(Excerpts from a dataset)
________________
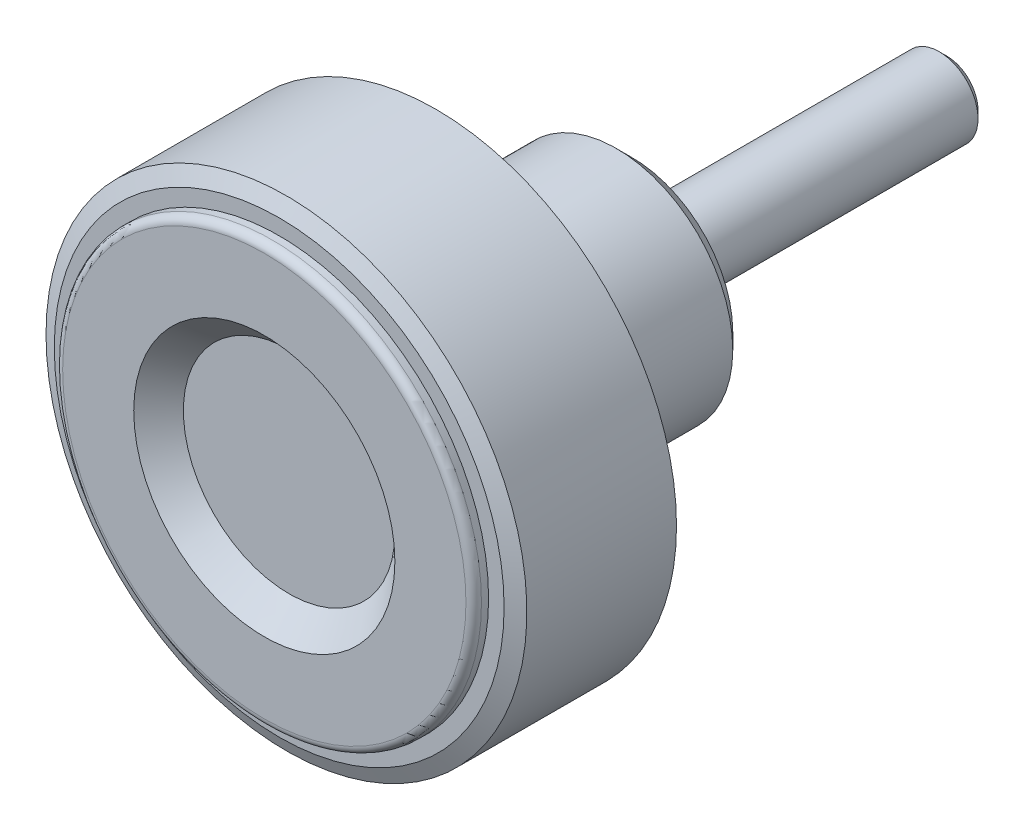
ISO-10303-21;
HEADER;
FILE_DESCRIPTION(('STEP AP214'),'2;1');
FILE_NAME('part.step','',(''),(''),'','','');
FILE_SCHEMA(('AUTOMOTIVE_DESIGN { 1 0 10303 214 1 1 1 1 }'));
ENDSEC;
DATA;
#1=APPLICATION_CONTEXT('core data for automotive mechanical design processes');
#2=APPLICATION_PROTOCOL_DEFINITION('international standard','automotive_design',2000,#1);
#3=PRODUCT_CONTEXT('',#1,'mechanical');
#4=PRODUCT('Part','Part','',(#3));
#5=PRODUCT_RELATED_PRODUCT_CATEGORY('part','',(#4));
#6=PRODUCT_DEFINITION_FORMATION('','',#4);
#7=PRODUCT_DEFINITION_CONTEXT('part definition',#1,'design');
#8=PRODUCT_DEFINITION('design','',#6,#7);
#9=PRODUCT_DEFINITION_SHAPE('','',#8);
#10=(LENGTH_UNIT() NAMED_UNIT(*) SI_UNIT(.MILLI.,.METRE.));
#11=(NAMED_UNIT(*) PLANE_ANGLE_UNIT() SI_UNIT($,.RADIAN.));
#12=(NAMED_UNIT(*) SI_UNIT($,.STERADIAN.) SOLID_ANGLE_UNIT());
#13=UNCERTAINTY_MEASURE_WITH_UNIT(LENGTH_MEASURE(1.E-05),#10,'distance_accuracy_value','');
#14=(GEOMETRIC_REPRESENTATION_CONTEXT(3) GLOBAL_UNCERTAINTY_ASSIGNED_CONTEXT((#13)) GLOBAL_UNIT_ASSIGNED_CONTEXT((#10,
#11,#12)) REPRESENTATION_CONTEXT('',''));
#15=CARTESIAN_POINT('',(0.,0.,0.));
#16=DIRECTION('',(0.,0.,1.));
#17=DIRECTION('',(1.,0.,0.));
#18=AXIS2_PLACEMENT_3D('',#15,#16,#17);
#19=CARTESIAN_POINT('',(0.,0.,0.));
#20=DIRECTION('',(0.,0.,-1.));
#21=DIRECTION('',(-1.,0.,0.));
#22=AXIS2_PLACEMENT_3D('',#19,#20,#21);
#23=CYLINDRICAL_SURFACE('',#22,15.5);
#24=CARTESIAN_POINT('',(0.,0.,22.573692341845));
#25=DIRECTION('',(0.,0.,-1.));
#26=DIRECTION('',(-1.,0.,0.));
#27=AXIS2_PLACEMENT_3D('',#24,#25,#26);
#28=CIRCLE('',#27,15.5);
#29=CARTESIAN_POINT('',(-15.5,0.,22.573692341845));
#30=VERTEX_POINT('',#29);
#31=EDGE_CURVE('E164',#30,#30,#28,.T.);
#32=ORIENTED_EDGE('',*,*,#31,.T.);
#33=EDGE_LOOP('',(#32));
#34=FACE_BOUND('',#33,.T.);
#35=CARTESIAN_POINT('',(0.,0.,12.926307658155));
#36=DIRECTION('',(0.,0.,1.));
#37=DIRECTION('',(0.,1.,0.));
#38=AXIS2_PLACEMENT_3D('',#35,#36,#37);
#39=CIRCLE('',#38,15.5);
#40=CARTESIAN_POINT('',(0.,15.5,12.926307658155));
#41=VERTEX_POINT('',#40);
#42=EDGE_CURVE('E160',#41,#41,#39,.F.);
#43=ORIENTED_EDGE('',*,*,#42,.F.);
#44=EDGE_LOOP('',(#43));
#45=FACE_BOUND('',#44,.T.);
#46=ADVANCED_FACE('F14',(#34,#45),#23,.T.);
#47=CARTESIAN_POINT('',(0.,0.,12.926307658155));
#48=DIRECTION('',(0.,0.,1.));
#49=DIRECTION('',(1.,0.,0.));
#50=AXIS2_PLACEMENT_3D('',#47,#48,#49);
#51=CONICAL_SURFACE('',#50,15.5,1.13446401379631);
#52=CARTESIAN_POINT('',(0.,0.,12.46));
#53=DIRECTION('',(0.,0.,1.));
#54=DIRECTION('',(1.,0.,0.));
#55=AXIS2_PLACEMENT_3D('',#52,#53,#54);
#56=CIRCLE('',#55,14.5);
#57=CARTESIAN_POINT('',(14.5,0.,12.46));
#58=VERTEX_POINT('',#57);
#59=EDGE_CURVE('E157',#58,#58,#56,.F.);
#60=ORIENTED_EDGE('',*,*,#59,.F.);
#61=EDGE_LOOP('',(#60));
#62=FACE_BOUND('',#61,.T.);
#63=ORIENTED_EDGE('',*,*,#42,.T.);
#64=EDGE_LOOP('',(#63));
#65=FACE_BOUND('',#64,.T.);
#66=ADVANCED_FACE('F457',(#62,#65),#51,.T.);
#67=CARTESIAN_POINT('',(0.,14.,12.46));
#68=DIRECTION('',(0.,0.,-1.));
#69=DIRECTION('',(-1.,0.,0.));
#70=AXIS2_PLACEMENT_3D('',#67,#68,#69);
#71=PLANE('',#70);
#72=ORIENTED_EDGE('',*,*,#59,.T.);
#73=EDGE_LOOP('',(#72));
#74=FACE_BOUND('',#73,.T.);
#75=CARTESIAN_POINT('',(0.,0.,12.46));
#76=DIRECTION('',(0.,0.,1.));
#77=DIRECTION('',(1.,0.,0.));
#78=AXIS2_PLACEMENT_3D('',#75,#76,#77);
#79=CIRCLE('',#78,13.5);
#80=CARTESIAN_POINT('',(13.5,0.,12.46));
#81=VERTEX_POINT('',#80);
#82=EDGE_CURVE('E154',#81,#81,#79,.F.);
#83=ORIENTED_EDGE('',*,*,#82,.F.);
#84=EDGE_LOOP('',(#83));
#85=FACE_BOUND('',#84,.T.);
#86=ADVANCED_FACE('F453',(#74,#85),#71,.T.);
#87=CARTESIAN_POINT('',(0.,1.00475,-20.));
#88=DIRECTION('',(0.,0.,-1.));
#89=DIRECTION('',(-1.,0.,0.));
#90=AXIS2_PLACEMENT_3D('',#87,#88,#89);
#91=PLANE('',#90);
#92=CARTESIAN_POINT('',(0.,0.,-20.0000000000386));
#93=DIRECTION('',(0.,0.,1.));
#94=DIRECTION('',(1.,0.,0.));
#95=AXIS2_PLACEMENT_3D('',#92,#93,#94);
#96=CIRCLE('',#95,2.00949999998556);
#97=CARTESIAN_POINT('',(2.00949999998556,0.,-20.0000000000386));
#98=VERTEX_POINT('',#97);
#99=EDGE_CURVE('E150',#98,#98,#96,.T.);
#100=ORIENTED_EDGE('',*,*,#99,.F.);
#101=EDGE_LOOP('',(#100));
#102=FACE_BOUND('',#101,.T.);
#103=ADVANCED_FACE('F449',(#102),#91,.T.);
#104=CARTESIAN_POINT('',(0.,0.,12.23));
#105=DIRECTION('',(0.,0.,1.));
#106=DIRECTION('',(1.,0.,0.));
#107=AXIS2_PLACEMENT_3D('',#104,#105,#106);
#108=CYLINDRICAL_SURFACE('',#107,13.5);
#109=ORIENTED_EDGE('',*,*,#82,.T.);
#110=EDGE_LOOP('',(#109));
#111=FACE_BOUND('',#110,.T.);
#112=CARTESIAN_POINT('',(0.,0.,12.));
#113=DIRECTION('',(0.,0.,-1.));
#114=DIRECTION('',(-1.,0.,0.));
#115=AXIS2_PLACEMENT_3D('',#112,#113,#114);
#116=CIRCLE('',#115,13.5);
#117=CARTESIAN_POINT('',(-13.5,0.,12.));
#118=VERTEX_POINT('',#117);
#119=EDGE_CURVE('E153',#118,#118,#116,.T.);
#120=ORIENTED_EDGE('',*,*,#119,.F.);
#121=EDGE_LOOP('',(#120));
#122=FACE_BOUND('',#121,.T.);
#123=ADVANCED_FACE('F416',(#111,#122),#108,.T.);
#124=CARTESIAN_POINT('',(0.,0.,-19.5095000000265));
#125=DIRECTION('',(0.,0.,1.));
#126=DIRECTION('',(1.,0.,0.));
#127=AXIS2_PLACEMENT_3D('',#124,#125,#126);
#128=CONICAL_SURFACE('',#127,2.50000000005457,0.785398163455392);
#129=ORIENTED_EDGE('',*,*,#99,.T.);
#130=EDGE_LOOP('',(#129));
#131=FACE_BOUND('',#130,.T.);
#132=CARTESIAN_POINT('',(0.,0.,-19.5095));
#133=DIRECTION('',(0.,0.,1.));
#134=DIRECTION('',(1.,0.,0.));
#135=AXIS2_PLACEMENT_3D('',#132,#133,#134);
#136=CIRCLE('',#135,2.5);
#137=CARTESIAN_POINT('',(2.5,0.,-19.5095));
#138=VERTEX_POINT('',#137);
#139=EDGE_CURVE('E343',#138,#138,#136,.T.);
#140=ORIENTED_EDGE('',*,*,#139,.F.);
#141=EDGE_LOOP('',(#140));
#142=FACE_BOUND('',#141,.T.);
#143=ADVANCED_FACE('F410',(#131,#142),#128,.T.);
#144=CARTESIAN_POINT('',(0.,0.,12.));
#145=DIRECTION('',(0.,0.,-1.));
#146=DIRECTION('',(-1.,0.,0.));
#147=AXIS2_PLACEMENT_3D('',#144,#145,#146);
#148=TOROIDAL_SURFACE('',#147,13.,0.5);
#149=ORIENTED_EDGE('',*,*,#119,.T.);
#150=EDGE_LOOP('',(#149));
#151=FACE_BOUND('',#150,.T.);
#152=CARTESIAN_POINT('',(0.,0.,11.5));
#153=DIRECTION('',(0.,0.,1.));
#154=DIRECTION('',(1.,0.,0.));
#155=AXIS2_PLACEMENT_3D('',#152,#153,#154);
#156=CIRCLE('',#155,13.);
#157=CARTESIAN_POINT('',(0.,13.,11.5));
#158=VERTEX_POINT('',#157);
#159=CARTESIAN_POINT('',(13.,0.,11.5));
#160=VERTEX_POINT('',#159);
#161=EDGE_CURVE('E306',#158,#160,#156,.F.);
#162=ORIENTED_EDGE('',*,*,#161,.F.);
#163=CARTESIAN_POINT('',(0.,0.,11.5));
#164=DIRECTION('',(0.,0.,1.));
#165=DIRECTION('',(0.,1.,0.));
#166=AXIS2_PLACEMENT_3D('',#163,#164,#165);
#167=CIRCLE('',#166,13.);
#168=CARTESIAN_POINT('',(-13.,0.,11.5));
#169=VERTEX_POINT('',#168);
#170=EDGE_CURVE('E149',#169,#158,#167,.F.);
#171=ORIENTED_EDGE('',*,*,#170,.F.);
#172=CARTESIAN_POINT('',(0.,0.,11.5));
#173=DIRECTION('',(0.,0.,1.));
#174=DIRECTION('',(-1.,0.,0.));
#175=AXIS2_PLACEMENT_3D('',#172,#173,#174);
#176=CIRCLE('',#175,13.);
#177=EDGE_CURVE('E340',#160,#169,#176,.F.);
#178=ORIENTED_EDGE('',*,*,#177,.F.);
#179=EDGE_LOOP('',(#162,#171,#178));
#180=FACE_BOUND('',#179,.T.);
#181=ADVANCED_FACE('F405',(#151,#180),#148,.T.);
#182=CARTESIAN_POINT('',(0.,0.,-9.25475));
________________
**EXERCISE GOAL:** Out of the data above, set down the lines from the one with "#126=DIRECTION('',(1.,0.,0.));" to the one with "#142=FACE_BOUND('',#141,.T.);", both included, exactly as written and with no additions.

**YOUR RESPONSE:**
#126=DIRECTION('',(1.,0.,0.));
#127=AXIS2_PLACEMENT_3D('',#124,#125,#126);
#128=CONICAL_SURFACE('',#127,2.50000000005457,0.785398163455392);
#129=ORIENTED_EDGE('',*,*,#99,.T.);
#130=EDGE_LOOP('',(#129));
#131=FACE_BOUND('',#130,.T.);
#132=CARTESIAN_POINT('',(0.,0.,-19.5095));
#133=DIRECTION('',(0.,0.,1.));
#134=DIRECTION('',(1.,0.,0.));
#135=AXIS2_PLACEMENT_3D('',#132,#133,#134);
#136=CIRCLE('',#135,2.5);
#137=CARTESIAN_POINT('',(2.5,0.,-19.5095));
#138=VERTEX_POINT('',#137);
#139=EDGE_CURVE('E343',#138,#138,#136,.T.);
#140=ORIENTED_EDGE('',*,*,#139,.F.);
#141=EDGE_LOOP('',(#140));
#142=FACE_BOUND('',#141,.T.);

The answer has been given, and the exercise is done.